Собственно, никто не мешал Антонову надеяться на лучший исход – даже на полное выздоровление жены (все равно законной жены!). Но сжавшийся Антонов болезненно понимал, что автор был бы не автор, если бы не приготовил для финала какого-нибудь трагического события, – и все, что он, Антонов, прожил до сих пор, неявно содержало эти кропотливые приготовления, так что теперь, уже на полпути к больнице, даже и сам сочинитель, потерявший волевой контроль над течением романа, совершенно ничего не смог бы (не смогла бы) изменить. В голове Антонова сквозь полосы пестрого шороха, иногда переходившего в оглушительную крупную стрельбу, упорно пробивалась его радиостанция: чей-то блеклый взмывающий голос, почти обесцвеченный сухим пространством эфира, пел о нежности и ужасе, о том, что было еще до Вики, – о каких-то невозвратных летних каникулах, о сонной, с мягким пульсом на перекате вечерней речке, куда уходила от удочки, то набирая, то спуская свет, косая тонкая леска; о кованом крыльце городской библиотеки, о цветочном платье и рассеянной улыбке одной одноклассницы; о первой для Антонова студенческой зиме, с холодными, шевелившими книжные страницы окнами читального зала, с черно-белыми, похожими на мыльные губки брикетами подстриженных кустов, с театральным снегопадом, заносившим университет… Интуитивно Антонов чувствовал, что все это родное, милое вот-вот исчезнет.
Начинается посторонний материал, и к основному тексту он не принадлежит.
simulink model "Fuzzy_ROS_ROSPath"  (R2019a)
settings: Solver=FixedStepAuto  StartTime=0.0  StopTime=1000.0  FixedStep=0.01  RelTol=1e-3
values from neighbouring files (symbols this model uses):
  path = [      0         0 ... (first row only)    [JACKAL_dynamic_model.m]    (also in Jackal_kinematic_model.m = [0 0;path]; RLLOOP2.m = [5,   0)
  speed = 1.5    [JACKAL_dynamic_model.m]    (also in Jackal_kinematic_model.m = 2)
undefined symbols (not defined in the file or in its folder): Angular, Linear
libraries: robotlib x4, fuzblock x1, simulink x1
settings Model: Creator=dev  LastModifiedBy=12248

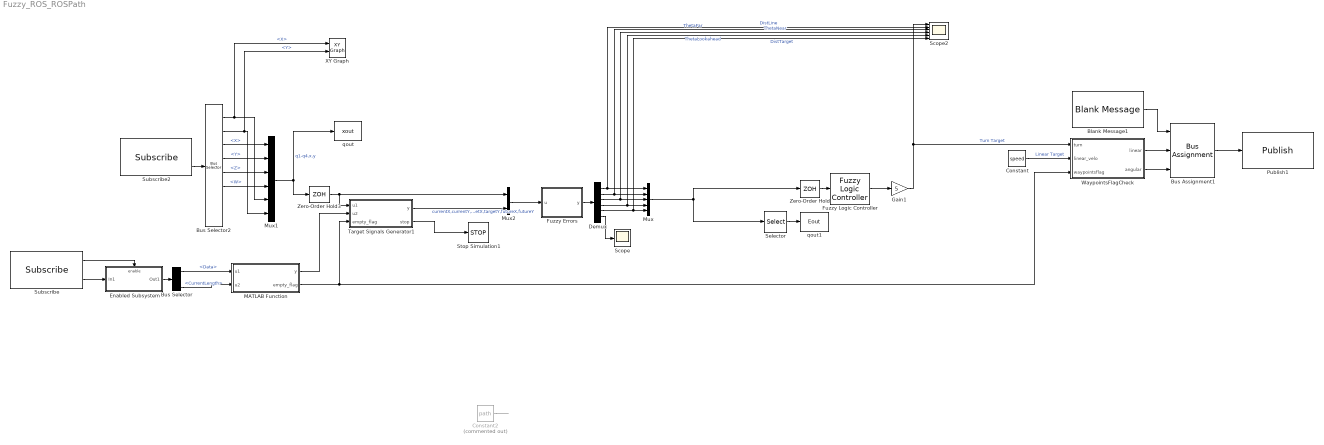
== system Fuzzy_ROS_ROSPath ==
  Blank Message1 : robotlib/Blank Message  messageClass=Message  entityType=geometry_msgs/Twist  messageType=geometry_msgs/Twist  SampleTime=inf
      settings: SourceProductBaseCode=RO
  Bus Assignment1 : BusAssignment  AssignedSignals=Linear.X,Angular.Z
  Bus Selector : BusSelector  OutputSignals=Data,Data_SL_Info.ReceivedLength,Data_SL_Info.CurrentLength
  Bus Selector2 : BusSelector  OutputSignals=Pose.Pose.Position.X,Pose.Pose.Position.Y,Pose.Pose.Orientation.X,Pose.Pose.Orientation.Y,Pose.Pose.Orientation.Z,Pose.Pose.Orientation.W,Twist.Twist.Linear.X,Twist.Twist.Angular.Z
  Constant : Constant  Value=speed
  Constant2 : Constant  Commented=on  Value=path
  Demux : Demux  Outputs=6
  Enabled Subsystem : Subsystem  TreatAsAtomicUnit=on
  Fuzzy Errors : MATLAB Function  TreatAsAtomicUnit=on
  Fuzzy Logic Controller : fuzblock/Fuzzy Logic  Controller  FIS='fuzzyControlDistSlow.fis'  OutputSampleNumber=3000  DataType=double  FuzzifiedInputs=off  RuleFiringStrengths=on  RuleOutputs=off  AggregatedOutputs=on  SimulateUsing=Code generation  OutOfRangeInputValueMessage=warning  NoRuleFiredMessage=warning  EmptyOutputFuzzySetMessage=warning
  Gain1 : Gain  Gain=5
  MATLAB Function : MATLAB Function  TreatAsAtomicUnit=on
  Mux : Mux  Inputs=5
  Mux1 : Mux  Inputs=6
  Mux2 : Mux  Inputs=2
  Publish1 : robotlib/Publish  topicSource=Select from ROS network  topic=/cmd_vel  messageType=geometry_msgs/Twist  messageQueueLength=1
      settings: SourceProductBaseCode=RO
  Scope : Scope
  Scope2 : Scope  NumInputPorts=6
  Selector : Selector  InputPortWidth=5  IndexOptions=Index vector (dialog)  Indices=[1]  OutputSizes=1
  Stop Simulation1 : Stop
  Subscribe : robotlib/Subscribe  topicSource=Select from ROS network  topic=/path_publisher  messageType=std_msgs/Float32MultiArray  sampleTime=-1  messageQueueLength=1
      settings: SourceProductBaseCode=RO
  Subscribe2 : robotlib/Subscribe  topicSource=Select from ROS network  topic=/odometry/filtered  messageType=nav_msgs/Odometry  sampleTime=-1  messageQueueLength=1
      settings: SourceProductBaseCode=RO
  Target Signals Generator1 : MATLAB Function  TreatAsAtomicUnit=on
  WaypointsFlagCheck : MATLAB Function  TreatAsAtomicUnit=on
  XY Graph : simulink/Sinks/XY Graph  xmin=-5  xmax=5  ymin=-5  ymax=5  st=-1
  Zero-Order Hold : ZeroOrderHold  SampleTime=.001
  Zero-Order Hold3 : ZeroOrderHold  SampleTime=.001
  qout : ToWorkspace  VariableName=xout  SampleTime=-1
  qout1 : ToWorkspace  VariableName=Eout  SampleTime=-1
  wires:
  Constant/1 -> WaypointsFlagCheck/2(linear_velo)  "Linear Target"
  Bus Assignment1/1 -> Publish1/1
  Blank Message1/1 -> Bus Assignment1/1
  Bus Selector2/2 -> Mux1/6, XY Graph/2  "<Y>"
  Bus Selector2/3 -> Mux1/1  "<X>"
  Bus Selector2/4 -> Mux1/2  "<Y>"
  Bus Selector2/6 -> Mux1/4  "<W>"
  Mux1/1 -> Zero-Order Hold3/1, qout/1  "q1-q4,x,y"
  Bus Selector2/1 -> Mux1/5, XY Graph/1  "<X>"
  Bus Selector2/5 -> Mux1/3  "<Z>"
  Subscribe2/2 -> Bus Selector2/1
  Demux/6 -> Scope/1
  Demux/3 -> Scope2/4, Mux/3  "ThetaNear"
  Fuzzy Logic Controller/1 -> Gain1/1
  Mux/1 -> Selector/1, Zero-Order Hold/1
  Demux/5 -> Scope2/6, Mux/5  "DistTarget"
  Demux/1 -> Scope2/2, Mux/1  "DistLine"
  Demux/4 -> Scope2/5, Mux/4  "ThetaLookahead"
  Demux/2 -> Scope2/3, Mux/2  "ThetaFar"
  Target Signals Generator1/2(stop) -> Stop Simulation1/1
  Fuzzy Errors/1(y) -> Demux/1
  Target Signals Generator1/1(y) -> Mux2/2  "currentX,currentY,targetX,targetY,futureX,futureY"
  Zero-Order Hold/1 -> Fuzzy Logic Controller/1
  Zero-Order Hold3/1 -> Target Signals Generator1/1(u1), Mux2/1
  Selector/1 -> qout1/1
  Gain1/1 -> WaypointsFlagCheck/1(turn), Scope2/1  "Turn Target"
  Mux2/1 -> Fuzzy Errors/1(u)
  Subscribe/2 -> Enabled Subsystem/1(In1)
  Enabled Subsystem/1(Out1) -> Bus Selector/1
  Bus Selector/3 -> MATLAB Function/2(u2)  "<CurrentLength>"
  Subscribe/1 -> Enabled Subsystem/Enable
  Bus Selector/1 -> MATLAB Function/1(u1)  "<Data>"
  Constant2/1 -> ?
  MATLAB Function/2(empty_flag) -> Target Signals Generator1/3(empty_flag), WaypointsFlagCheck/3(waypointsflag)
  WaypointsFlagCheck/1(linear) -> Bus Assignment1/2
  WaypointsFlagCheck/2(angular) -> Bus Assignment1/3
  MATLAB Function/1(y) -> Target Signals Generator1/2(u2)

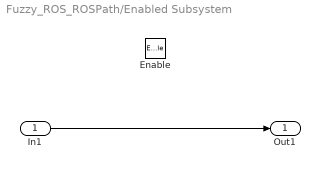
== system Fuzzy_ROS_ROSPath/Enabled Subsystem ==
  In1 : Inport
  Enable : EnablePort
  Out1 : Outport
  wires:
  In1/1 -> Out1/1

== matlab function Fuzzy_ROS_ROSPath/WaypointsFlagCheck ==
  data: turn input; linear output; linear_velo input; waypointsflag input; angular output
function [linear, angular] = fcn(turn, linear_velo, waypointsflag)

if(waypointsflag==0)
    linear=0;
    angular=0;
end

if(waypointsflag==1)
    linear=linear_velo;
    angular=turn;
end

== matlab function Fuzzy_ROS_ROSPath/MATLAB Function ==
  data: u1 input; y output size=256; u2 input; empty_flag output
function [y, empty_flag] = fcn(u1,u2)
u1 = double(u1);
test_array = u1(1:6);
empty_flag = 0;
path_length = u2;
disp(path_length)
path = [0, 0;100, 100];

for i = 1:6 
    if test_array(i) ~= 0
        empty_flag = 1;
        break
    end
end

if empty_flag == 0
    for i = 1 : pathlength/2
        path(i,:) = [u1(2*i-1),u1(2i)];
    end
end
y = path;

== matlab function Fuzzy_ROS_ROSPath/Fuzzy Errors ==
  settings: updateMethod=DISCRETE
  data: u input; y output
function y  = fcn(u)

%jackal dyanamic model
pos=[u(5) u(6)]; % [x,y]
q=[u(1) u(2) u(3) u(4)]; % orientation quaternion
currentAngle=atan2(2*(q(1)*q(4)+q(2)*q(3)),1-2*(q(3)^2+q(4)^2));% Angle robot is currently facing

currentPoint=[u(7) u(8)];
target=[u(9) u(10)];
future=[u(11) u(12)];

A = [(currentPoint(2)-target(2)), target(1)-currentPoint(1); target(1)-currentPoint(1), target(2)-currentPoint(2)];
b = [ target(1)*currentPoint(2)-currentPoint(1)*target(2); pos(1)*(target(1)-currentPoint(1)) + pos(2)*(target(2)-currentPoint(2))];
proj = (A\b)'; %projected point on the line between  .

d = ( pos(1)-currentPoint(1) )*(target(2)-currentPoint(2)) - (pos(2)-currentPoint(2))*(target(1)-currentPoint(1));

if ( d >0)
    side = 1;
elseif ( d < 0)
    side = -1;
else
    side = 0;
end

distanceLine=norm(pos-proj)*side;
distanceTarget=sqrt((target(1)-pos(1))^2+(target(2)-pos(2))^2);

% %wrap to +/-pi
% if((currentAngle < -pi) || (pi < currentAngle))
%     currentAngle = mod(currentAngle+pi, 2*pi)-pi;
% end

farTarget=[.95*proj(1)+.05*target(1) .95*proj(2)+.05*target(2)];

th1 = atan2(farTarget(2)-pos(2), farTarget(1)-pos(1));
th2 = atan2(target(2)-currentPoint(2), target(1)-currentPoint(1));
th3 = atan2(future(2)-target(2), future(1)-target(1)); 

ThetaFar=th1-currentAngle;
ThetaNear=th2-currentAngle;
ThetaLookahead=th3-currentAngle;

%wrap to +/-pi
if((ThetaFar < -pi) || (pi < ThetaFar))
    ThetaFar = mod(ThetaFar+pi, 2*pi)-pi;
end

%wrap to +/-pi
if((ThetaNear < -pi) || (pi < ThetaNear))
    ThetaNear = mod(ThetaNear+pi, 2*pi)-pi;
end

%wrap to +/-pi
if((ThetaLookahead < -pi) || (pi < ThetaLookahead))
    ThetaLookahead = mod(ThetaLookahead+pi, 2*pi)-pi;
end

y = [distanceLine;ThetaFar;ThetaNear;ThetaLookahead;distanceTarget;currentAngle];

== matlab function Fuzzy_ROS_ROSPath/Target Signals Generator1 ==
  data: u1 input; y output; u2 input; stop output; empty_flag input
function [y,stop] = fcn(u1,u2,empty_flag)

persistent pathcount;
persistent pathlength;
persistent path; %error in code, initially used path but this is already a matlab function
persistent pathPre;
persistent waypointsflag;
persistent insideflag;

if isempty(waypointsflag)
    waypointsflag=0;
    insideflag=0;
end

if (isempty(pathcount)||waypointsflag==0) %until the first time we get a real path, keep setting the fake paths as path to do control on
    if (insideflag==0)
        pathcount=1;     
        pathPre=u2;
        [pathlength,~]=size(pathPre);  
        path=[pathPre; pathPre(pathlength,1)+100 pathPre(pathlength,2)+100]; %sim takes multiple iterations to stop after reaching final point, so this prevents it from breaking
        insideflag=1; %we went in here once so dont go in here ever again
    end
end

waypointsflag=empty_flag;

pos=[u1(5) u1(6)]; % [x,y] 
currentPoint=path(pathcount,:);
target=path(pathcount+1,:);

A = [(currentPoint(2)-target(2)), target(1)-currentPoint(1); target(1)-currentPoint(1), target(2)-currentPoint(2)];
b = [ target(1)*currentPoint(2)-currentPoint(1)*target(2); pos(1)*(target(1)-currentPoint(1)) + pos(2)*(target(2)-currentPoint(2))];
proj = (A\b)'; %projected point on the line between  .
projLen=dot(proj-currentPoint,target-currentPoint)/norm(target-currentPoint)^2; %the distance along the projected line, where 0 is the start point and 1 is the end point

distErr=sqrt((target(2)-pos(2))^2+(target(1)-pos(1))^2);

if ((projLen>1)||(distErr<.175))
    pathcount=pathcount+1;
end

%check if at destination and terminate sim if there
pathflag=0;
if (pathcount==pathlength)
    
    pathflag=1;
end

if ((pathcount==(pathlength-1))||(pathcount==(pathlength)))
    a=path(pathcount,:);
    b=path(pathcount+1,:);
    post=path(pathcount+1,:);
else
    a=path(pathcount,:);
    b=path(pathcount+1,:);
    post=path(pathcount+2,:);
end

y = [a(1);a(2);b(1);b(2);post(1);post(2)];
stop=pathflag;

Он ощущал, что роман, тяжело груженный нажитым добром – разросшимся сюжетом, раздобревшими от регулярного кормления метафорами, второстепенными героями, сильно превысившими нормы перевозки багажа, – еле-еле влачится, не сравнить с первоначальным бегом налегке в условное пространство замысла, – и что весь этот табор скоро заскрипит и встанет, являя себя во всей красе неизвестно откуда взявшемуся читателю. У Антонова было полное ощущение, что он, как тощая кляча, тянет груз романа на себе из последних сил, – а ему хотелось распрячься, просто побыть человеком, имеющим право на собственное горе, которое совсем необязательно демонстрировать ближнему.